**Aim of the task:**
Find the lines in the records that carry the word "units". Copy each one.
┏━━
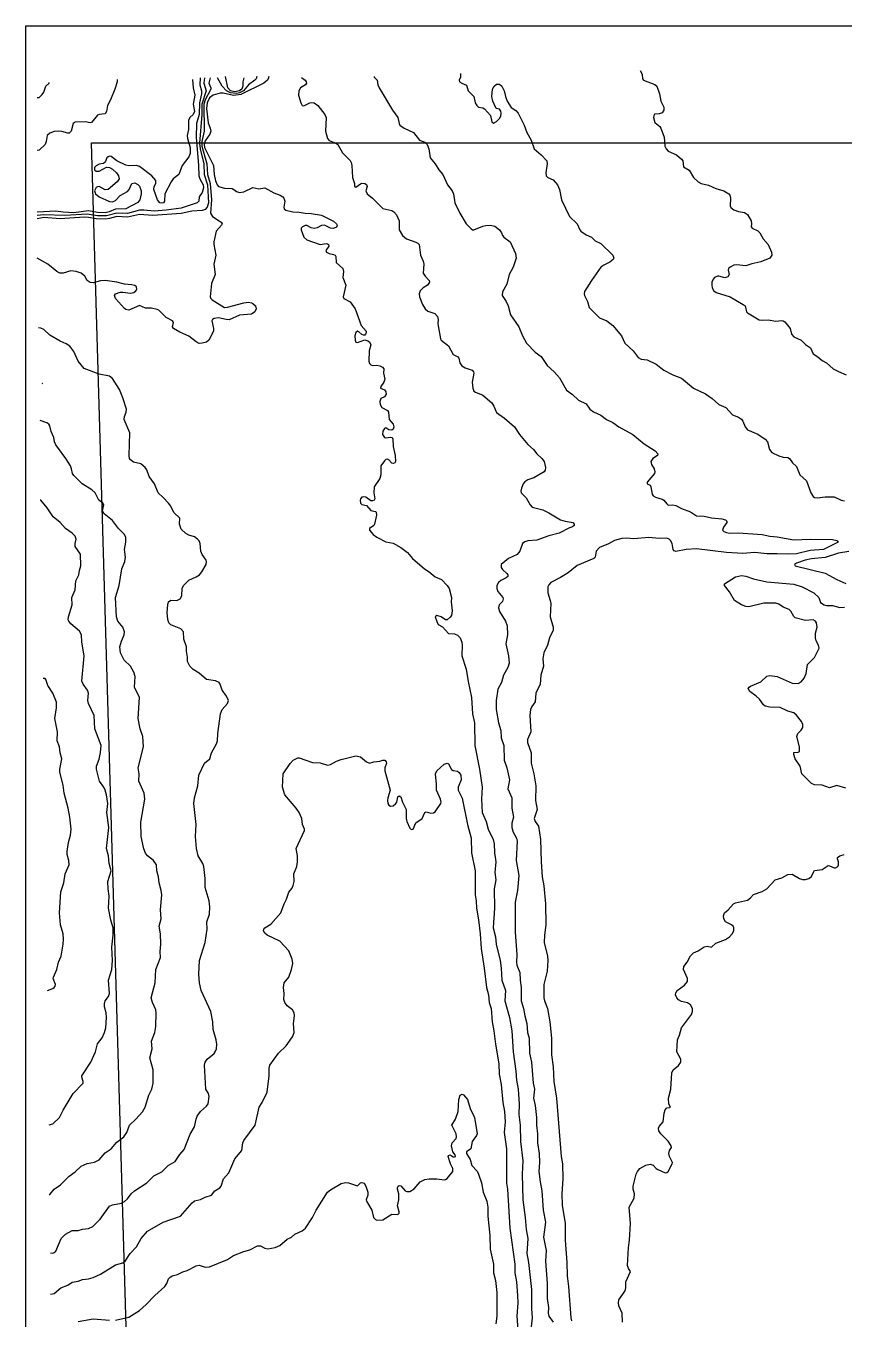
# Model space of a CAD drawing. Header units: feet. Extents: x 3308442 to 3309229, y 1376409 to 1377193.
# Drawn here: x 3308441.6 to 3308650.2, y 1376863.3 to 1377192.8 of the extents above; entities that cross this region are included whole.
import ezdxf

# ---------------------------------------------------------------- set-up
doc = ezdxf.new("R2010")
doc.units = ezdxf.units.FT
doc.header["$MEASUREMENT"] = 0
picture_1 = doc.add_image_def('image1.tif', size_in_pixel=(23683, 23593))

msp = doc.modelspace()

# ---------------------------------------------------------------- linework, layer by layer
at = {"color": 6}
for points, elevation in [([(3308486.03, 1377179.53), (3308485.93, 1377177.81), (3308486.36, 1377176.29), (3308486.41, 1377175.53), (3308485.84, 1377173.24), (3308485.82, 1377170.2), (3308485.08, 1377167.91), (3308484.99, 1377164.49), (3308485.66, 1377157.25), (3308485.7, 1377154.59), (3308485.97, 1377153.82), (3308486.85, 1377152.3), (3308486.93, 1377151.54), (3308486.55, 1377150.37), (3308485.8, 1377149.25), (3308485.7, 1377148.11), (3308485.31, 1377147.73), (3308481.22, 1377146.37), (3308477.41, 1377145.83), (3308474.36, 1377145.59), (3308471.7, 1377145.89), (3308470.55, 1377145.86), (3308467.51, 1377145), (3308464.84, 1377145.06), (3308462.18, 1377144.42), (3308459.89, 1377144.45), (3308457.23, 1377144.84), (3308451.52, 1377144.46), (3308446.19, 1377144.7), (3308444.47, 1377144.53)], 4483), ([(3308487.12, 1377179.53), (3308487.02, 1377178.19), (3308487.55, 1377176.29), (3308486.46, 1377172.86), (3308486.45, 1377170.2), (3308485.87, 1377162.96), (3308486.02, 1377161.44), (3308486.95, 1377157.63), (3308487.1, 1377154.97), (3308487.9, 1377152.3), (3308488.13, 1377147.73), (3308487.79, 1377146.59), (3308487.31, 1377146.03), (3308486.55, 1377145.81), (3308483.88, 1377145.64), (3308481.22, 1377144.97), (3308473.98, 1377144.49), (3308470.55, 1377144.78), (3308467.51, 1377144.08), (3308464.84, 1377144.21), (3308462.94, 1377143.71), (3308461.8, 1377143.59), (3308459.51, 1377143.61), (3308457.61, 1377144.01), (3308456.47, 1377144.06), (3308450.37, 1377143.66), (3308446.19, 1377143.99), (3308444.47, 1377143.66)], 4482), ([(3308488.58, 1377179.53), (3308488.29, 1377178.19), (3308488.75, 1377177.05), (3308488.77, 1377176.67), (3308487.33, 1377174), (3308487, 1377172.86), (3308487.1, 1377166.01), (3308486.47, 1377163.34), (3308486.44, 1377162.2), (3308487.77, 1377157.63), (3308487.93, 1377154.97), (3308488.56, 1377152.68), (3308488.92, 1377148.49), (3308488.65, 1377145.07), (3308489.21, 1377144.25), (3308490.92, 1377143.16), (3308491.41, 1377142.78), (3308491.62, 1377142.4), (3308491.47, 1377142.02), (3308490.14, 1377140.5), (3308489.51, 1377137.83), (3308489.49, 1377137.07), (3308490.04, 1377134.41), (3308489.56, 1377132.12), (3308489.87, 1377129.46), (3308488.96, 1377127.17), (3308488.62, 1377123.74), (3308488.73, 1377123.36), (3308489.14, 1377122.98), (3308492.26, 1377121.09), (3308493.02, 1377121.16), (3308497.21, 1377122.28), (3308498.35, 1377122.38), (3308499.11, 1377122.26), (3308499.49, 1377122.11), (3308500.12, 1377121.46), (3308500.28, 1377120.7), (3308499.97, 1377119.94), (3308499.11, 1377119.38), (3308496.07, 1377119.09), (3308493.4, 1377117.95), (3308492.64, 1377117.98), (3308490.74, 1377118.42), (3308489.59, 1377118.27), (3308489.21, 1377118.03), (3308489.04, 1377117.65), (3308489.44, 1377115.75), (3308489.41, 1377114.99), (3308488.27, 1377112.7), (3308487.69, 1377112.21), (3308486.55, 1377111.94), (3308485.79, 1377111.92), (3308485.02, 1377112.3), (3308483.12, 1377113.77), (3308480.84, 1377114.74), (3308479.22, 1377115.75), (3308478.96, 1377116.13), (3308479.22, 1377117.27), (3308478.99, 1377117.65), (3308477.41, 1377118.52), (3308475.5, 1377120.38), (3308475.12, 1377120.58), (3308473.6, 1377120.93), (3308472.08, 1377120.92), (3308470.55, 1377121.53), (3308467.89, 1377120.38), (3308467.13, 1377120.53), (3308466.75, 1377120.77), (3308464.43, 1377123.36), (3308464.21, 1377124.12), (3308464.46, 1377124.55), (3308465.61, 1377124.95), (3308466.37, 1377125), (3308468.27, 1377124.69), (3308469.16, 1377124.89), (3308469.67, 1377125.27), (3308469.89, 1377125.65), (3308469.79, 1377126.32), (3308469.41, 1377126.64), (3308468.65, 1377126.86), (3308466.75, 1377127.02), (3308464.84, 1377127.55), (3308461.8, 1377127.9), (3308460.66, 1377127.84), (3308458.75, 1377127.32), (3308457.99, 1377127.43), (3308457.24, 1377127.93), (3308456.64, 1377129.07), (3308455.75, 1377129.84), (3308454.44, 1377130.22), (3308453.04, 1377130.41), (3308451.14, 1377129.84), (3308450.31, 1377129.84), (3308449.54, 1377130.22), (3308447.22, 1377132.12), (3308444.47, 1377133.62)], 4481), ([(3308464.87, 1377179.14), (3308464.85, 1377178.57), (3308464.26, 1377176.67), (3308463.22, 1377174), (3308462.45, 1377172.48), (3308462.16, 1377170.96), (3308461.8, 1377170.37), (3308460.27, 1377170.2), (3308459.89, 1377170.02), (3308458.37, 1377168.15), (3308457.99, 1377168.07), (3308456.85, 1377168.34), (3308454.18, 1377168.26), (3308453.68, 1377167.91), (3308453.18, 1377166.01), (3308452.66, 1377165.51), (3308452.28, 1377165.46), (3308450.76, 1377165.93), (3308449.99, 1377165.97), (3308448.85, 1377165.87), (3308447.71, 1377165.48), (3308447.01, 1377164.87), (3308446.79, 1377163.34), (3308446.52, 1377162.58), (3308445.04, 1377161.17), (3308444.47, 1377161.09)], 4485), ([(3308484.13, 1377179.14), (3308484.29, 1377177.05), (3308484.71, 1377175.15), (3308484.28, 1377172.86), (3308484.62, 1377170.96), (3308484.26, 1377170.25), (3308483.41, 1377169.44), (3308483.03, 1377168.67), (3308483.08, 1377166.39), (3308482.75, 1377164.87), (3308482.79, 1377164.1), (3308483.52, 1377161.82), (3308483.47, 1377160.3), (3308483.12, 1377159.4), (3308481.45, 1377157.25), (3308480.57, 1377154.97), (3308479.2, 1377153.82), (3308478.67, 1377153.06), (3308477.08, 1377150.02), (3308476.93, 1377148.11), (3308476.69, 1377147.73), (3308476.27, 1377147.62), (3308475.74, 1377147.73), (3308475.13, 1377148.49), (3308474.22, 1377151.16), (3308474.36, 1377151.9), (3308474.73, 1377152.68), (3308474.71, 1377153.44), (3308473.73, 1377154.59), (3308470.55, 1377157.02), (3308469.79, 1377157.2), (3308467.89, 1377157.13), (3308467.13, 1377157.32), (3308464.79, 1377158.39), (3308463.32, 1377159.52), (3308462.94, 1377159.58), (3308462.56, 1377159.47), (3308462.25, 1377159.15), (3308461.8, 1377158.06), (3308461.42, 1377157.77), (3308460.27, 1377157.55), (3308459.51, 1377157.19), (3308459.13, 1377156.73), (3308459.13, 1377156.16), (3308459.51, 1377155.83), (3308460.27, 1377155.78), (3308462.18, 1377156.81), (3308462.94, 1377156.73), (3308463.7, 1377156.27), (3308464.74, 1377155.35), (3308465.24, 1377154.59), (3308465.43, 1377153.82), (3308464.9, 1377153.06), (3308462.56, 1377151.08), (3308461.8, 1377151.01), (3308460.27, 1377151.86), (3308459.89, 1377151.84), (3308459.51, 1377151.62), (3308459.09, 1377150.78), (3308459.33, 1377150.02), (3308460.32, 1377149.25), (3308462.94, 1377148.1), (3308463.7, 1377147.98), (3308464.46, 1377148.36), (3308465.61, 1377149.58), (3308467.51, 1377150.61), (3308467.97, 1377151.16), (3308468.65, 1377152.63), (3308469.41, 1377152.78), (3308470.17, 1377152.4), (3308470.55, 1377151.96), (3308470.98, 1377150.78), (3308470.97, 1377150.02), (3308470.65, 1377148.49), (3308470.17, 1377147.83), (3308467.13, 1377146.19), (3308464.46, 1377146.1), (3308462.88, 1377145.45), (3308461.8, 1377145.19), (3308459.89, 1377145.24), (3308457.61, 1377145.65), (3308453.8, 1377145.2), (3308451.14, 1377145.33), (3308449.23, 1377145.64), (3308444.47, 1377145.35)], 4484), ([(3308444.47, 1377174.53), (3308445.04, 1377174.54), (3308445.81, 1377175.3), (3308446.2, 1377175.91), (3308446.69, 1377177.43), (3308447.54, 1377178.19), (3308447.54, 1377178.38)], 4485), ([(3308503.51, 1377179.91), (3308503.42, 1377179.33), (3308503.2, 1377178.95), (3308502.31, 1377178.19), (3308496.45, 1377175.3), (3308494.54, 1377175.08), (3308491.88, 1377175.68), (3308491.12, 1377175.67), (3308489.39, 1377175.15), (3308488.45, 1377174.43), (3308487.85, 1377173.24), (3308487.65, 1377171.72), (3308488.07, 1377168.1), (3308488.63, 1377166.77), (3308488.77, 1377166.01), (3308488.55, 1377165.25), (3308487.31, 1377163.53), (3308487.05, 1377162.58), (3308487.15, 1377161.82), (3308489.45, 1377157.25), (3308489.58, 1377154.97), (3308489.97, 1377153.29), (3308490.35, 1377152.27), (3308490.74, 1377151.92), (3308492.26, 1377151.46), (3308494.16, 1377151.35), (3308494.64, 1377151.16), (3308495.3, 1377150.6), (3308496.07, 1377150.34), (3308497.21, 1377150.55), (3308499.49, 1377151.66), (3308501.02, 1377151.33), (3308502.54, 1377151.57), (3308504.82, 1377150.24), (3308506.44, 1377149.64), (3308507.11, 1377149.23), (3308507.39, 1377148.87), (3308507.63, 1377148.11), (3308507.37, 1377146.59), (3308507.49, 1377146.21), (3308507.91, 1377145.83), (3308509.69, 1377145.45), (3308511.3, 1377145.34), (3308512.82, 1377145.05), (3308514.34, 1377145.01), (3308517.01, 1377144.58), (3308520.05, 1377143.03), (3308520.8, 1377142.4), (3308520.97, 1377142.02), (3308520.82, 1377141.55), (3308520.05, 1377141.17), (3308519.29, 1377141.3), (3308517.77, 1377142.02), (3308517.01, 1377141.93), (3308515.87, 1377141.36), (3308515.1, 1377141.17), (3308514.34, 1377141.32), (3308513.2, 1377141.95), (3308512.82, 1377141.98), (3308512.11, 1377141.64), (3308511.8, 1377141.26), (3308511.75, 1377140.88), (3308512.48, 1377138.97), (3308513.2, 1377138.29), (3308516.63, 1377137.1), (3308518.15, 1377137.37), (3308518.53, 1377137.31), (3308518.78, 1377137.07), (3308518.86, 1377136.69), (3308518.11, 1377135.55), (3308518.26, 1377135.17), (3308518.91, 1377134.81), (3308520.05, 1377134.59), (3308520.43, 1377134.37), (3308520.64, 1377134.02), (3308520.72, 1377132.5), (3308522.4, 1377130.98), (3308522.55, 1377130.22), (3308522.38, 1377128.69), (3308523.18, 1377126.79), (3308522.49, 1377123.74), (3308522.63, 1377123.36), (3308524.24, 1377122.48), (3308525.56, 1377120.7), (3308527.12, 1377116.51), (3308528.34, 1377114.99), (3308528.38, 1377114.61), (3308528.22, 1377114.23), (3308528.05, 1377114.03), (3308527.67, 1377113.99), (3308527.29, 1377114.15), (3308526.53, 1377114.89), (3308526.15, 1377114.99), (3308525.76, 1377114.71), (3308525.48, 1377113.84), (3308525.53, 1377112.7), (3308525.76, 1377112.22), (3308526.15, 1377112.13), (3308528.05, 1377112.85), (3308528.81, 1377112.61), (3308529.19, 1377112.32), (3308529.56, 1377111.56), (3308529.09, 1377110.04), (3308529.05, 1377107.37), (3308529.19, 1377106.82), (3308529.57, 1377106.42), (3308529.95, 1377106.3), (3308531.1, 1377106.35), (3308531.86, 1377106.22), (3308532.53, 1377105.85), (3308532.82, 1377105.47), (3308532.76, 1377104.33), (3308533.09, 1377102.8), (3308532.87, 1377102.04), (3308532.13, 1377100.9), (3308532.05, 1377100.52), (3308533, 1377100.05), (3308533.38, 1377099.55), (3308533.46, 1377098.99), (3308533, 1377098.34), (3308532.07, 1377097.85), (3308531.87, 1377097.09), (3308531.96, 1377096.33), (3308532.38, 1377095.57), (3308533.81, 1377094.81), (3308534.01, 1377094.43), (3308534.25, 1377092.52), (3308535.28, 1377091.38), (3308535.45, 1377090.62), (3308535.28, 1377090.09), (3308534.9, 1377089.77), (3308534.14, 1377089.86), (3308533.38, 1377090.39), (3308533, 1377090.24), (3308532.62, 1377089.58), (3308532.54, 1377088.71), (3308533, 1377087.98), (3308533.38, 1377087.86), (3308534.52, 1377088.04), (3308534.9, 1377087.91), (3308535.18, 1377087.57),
┗━━
**Response box:**
# Model space of a CAD drawing. Header units: feet. Extents: x 3308442 to 3309229, y 1376409 to 1377193.
doc.units = ezdxf.units.FT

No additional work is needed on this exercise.